[Instructions to follow] Beginning with the first line of the material, set down each line exactly as written, up to and including the line with "#4=PRODUCT('Part','Part','',(#3));".

[Dataset content]
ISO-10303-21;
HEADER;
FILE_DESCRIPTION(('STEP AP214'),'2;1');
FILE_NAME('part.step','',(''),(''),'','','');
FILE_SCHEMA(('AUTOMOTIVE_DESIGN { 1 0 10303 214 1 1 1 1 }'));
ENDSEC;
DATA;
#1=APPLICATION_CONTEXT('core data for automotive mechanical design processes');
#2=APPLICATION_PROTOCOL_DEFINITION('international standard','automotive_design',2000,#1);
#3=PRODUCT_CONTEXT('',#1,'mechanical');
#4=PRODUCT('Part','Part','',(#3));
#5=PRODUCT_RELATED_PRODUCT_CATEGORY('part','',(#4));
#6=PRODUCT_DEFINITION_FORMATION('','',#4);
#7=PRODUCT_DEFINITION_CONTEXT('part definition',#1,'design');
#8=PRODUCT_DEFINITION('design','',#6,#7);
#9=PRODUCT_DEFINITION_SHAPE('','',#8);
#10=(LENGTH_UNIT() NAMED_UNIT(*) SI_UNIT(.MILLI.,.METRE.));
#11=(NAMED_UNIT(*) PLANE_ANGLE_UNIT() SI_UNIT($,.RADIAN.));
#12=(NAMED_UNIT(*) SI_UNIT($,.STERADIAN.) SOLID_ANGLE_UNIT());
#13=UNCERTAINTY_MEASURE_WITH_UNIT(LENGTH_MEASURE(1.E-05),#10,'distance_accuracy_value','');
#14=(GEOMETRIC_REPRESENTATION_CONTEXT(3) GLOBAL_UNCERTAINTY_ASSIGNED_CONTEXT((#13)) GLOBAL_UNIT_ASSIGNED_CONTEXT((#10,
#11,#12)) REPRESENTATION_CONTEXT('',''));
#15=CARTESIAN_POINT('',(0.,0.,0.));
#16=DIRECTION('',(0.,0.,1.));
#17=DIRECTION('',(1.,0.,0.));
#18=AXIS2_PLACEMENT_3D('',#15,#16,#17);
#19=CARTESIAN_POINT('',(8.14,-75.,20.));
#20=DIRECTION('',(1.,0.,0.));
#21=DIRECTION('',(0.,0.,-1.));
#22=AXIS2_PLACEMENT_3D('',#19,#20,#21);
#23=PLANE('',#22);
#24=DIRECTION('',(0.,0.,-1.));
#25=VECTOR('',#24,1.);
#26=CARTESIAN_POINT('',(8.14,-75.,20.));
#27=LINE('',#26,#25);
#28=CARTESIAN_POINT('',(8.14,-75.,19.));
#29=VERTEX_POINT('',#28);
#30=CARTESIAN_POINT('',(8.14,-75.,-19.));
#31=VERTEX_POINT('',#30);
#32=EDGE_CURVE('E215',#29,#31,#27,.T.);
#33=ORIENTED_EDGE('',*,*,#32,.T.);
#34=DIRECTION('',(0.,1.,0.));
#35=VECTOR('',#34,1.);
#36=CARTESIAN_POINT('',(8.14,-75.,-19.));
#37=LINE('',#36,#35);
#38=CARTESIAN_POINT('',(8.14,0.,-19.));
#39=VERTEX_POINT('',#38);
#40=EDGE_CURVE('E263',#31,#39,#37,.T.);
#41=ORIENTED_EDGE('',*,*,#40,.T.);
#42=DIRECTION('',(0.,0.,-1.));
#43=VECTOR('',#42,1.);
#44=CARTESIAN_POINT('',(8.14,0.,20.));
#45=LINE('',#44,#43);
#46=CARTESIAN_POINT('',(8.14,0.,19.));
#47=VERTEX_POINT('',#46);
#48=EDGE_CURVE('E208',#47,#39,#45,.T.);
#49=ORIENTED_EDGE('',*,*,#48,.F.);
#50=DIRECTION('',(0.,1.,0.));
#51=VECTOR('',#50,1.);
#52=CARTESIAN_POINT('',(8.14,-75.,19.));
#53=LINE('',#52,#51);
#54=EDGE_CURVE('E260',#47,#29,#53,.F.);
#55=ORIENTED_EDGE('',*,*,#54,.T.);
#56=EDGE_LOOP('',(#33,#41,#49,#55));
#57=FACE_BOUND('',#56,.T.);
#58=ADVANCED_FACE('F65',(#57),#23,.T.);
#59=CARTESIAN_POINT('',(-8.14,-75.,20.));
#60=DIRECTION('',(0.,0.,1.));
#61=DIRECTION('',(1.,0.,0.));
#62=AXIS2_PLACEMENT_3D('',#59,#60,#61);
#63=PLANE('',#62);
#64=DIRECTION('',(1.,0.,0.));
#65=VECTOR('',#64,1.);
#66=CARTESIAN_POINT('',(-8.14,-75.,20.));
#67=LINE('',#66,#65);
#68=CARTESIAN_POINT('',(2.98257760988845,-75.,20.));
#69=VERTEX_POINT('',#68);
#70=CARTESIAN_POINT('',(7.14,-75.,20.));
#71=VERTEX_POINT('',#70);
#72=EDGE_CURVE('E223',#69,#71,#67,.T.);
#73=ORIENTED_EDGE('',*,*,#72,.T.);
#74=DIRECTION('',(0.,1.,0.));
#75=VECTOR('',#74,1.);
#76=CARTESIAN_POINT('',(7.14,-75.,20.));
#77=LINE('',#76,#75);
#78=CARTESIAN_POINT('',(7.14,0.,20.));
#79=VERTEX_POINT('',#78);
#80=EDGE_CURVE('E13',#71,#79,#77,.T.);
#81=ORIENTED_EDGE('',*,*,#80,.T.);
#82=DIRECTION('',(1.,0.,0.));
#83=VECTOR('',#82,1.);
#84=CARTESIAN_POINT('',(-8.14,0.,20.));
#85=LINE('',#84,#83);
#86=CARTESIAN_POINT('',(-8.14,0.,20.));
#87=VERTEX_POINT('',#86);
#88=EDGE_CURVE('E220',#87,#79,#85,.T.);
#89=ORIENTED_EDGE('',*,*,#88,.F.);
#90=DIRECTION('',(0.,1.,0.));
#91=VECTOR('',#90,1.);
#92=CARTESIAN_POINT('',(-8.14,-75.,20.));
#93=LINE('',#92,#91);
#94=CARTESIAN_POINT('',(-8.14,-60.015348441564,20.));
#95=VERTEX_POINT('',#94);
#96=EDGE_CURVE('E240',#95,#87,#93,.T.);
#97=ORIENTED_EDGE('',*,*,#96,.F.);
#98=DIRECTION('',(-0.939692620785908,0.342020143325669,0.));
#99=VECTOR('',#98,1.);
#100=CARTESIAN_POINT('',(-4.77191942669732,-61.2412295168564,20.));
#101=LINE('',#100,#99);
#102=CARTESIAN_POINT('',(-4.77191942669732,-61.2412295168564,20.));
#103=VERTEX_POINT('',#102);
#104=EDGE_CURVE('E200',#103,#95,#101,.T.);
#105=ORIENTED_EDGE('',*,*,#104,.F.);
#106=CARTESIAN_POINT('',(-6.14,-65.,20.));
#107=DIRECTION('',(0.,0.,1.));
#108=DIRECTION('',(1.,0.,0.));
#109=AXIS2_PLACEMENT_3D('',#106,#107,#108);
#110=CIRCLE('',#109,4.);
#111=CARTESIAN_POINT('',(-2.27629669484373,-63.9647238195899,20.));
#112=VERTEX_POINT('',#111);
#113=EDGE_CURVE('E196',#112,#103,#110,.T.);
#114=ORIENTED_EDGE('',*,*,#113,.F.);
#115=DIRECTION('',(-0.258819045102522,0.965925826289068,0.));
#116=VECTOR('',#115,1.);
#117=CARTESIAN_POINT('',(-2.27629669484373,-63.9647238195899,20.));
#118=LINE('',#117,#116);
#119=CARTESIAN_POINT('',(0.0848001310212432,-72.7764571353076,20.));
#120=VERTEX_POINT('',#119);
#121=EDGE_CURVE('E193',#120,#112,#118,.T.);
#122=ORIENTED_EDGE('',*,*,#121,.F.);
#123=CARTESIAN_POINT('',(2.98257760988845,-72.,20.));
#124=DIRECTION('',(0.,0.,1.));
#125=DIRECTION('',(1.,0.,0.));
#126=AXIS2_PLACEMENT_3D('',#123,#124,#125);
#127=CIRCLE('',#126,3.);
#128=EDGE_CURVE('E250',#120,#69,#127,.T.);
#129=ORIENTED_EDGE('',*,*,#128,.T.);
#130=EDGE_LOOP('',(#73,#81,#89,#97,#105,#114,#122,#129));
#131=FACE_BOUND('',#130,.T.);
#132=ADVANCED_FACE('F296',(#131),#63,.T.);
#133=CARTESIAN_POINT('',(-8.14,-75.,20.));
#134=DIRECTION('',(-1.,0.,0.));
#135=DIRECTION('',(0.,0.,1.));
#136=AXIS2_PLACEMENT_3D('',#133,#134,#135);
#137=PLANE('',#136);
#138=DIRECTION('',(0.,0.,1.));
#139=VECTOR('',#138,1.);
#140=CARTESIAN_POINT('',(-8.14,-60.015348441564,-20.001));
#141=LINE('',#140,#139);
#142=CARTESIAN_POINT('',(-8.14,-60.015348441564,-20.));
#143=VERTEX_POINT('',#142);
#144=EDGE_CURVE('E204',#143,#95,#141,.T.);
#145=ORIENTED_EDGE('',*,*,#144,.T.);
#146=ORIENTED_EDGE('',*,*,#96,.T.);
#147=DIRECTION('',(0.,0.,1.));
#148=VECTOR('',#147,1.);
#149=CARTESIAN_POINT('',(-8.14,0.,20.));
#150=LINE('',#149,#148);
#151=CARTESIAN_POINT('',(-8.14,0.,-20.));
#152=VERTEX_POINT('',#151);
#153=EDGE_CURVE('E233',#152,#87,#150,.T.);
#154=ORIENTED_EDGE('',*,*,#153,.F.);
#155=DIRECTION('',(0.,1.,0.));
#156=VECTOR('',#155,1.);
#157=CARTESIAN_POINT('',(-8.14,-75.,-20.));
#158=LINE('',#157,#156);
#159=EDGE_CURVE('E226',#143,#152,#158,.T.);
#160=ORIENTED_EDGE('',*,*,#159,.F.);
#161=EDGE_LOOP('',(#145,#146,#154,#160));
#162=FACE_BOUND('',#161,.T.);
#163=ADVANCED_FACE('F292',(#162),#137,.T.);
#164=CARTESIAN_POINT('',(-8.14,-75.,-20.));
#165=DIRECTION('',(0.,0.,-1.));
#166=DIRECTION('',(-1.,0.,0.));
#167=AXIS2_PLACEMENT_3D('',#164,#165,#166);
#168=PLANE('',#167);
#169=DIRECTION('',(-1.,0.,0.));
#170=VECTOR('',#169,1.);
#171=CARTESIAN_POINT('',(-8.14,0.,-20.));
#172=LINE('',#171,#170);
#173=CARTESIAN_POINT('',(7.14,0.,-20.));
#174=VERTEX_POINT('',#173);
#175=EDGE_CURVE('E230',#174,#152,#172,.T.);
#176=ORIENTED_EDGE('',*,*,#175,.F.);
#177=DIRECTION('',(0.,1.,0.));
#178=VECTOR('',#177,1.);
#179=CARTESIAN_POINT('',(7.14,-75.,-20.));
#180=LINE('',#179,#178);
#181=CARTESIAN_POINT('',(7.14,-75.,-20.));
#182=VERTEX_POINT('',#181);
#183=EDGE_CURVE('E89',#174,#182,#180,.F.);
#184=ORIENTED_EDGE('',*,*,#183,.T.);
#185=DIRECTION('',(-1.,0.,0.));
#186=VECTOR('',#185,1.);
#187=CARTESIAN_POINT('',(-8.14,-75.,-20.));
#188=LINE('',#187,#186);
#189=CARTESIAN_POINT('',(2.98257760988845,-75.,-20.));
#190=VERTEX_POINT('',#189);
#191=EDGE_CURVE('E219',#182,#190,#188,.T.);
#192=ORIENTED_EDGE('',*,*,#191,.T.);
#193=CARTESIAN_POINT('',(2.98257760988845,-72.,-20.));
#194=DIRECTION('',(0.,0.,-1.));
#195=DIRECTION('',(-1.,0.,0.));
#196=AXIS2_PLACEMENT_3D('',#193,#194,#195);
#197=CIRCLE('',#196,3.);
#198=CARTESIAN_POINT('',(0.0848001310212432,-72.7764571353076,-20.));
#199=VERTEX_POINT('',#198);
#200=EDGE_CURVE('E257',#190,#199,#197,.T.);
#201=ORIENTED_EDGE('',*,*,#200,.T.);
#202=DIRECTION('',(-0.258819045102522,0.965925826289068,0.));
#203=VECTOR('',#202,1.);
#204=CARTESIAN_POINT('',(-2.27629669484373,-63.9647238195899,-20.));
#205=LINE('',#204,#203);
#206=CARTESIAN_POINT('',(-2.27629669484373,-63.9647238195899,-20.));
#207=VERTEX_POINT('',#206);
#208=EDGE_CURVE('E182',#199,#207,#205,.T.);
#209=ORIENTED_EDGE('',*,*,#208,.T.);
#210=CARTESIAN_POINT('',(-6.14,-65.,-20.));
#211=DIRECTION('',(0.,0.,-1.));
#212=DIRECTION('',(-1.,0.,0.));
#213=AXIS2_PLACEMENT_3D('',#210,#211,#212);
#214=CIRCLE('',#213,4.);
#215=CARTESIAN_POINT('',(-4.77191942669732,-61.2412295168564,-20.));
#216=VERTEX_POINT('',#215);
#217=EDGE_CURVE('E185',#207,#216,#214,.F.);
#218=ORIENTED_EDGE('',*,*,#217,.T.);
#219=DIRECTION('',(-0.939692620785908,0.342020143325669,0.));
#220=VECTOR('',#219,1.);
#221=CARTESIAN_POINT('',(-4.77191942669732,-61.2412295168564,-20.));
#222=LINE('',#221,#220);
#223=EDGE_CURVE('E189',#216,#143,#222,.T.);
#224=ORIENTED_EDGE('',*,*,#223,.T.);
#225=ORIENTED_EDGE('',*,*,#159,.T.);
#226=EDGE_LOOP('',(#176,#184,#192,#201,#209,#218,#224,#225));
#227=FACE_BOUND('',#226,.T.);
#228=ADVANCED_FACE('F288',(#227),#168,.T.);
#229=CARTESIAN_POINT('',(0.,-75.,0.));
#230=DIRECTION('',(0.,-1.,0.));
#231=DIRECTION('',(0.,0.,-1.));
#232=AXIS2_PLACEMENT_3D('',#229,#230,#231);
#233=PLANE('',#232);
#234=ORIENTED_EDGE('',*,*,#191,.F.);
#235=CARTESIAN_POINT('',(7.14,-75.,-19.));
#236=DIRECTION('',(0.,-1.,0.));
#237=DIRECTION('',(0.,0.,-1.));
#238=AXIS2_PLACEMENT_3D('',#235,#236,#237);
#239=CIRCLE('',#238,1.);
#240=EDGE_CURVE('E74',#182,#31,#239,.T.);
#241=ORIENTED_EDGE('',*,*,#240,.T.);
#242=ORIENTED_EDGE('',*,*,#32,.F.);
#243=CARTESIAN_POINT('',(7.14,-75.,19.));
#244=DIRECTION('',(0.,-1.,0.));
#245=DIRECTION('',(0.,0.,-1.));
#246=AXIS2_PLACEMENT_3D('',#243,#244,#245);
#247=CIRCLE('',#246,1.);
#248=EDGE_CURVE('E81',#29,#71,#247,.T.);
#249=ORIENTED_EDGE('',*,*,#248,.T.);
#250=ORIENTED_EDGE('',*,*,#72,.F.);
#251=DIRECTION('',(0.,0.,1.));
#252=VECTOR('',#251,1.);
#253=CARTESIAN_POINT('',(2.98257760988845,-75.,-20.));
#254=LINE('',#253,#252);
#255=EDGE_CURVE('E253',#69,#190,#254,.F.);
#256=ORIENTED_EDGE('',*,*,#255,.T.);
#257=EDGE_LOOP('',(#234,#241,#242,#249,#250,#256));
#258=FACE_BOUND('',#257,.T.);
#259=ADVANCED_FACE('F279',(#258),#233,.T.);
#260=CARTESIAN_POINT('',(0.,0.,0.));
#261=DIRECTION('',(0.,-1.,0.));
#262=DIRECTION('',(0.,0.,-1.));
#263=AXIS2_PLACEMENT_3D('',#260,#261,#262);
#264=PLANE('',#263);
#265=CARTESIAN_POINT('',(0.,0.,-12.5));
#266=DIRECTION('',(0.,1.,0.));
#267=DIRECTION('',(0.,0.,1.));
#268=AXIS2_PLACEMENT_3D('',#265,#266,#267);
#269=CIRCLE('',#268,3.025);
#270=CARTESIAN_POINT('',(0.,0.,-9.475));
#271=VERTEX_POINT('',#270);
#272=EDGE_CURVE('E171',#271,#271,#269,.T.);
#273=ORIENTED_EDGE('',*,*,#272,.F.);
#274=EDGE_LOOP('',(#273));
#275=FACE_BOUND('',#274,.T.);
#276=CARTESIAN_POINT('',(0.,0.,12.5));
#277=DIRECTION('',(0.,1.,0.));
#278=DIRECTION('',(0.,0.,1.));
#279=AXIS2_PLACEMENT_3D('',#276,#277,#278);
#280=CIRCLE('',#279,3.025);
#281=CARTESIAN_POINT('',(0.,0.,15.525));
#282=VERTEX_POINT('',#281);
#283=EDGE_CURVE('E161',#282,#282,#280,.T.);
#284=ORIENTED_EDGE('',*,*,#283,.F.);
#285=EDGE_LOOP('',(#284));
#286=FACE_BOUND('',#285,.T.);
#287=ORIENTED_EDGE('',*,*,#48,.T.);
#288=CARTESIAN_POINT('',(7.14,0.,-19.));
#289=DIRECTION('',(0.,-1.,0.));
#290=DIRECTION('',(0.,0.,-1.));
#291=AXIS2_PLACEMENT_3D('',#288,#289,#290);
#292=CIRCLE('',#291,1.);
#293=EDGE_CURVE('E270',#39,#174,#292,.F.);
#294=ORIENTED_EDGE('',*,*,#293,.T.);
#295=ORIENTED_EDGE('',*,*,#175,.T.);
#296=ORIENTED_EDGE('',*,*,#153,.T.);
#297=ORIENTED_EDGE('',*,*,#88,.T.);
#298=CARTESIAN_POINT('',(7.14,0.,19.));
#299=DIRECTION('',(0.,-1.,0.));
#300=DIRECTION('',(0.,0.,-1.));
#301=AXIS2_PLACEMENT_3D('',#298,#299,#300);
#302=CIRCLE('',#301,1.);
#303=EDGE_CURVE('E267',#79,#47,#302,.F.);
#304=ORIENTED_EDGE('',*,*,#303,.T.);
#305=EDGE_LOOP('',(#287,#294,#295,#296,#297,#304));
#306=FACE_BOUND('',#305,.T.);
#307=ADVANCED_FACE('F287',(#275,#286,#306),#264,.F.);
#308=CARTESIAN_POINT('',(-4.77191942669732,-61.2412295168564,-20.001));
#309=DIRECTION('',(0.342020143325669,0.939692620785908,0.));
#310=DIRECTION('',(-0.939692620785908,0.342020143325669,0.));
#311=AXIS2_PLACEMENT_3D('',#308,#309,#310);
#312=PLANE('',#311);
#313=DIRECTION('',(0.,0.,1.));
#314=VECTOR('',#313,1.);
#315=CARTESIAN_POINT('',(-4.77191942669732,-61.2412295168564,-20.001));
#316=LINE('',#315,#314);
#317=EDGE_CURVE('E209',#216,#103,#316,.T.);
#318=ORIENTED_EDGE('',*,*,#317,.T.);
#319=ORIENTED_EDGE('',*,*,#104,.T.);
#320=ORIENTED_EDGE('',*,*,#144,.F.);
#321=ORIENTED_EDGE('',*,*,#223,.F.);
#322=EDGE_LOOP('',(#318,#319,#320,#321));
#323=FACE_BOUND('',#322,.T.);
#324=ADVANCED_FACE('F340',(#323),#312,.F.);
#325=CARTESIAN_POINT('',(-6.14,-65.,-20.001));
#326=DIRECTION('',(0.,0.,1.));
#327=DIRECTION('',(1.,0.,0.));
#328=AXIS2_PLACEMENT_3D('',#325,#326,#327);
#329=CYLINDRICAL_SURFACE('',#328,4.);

[Solution to this task]
ISO-10303-21;
HEADER;
FILE_DESCRIPTION(('STEP AP214'),'2;1');
FILE_NAME('part.step','',(''),(''),'','','');
FILE_SCHEMA(('AUTOMOTIVE_DESIGN { 1 0 10303 214 1 1 1 1 }'));
ENDSEC;
DATA;
#1=APPLICATION_CONTEXT('core data for automotive mechanical design processes');
#2=APPLICATION_PROTOCOL_DEFINITION('international standard','automotive_design',2000,#1);
#3=PRODUCT_CONTEXT('',#1,'mechanical');
#4=PRODUCT('Part','Part','',(#3));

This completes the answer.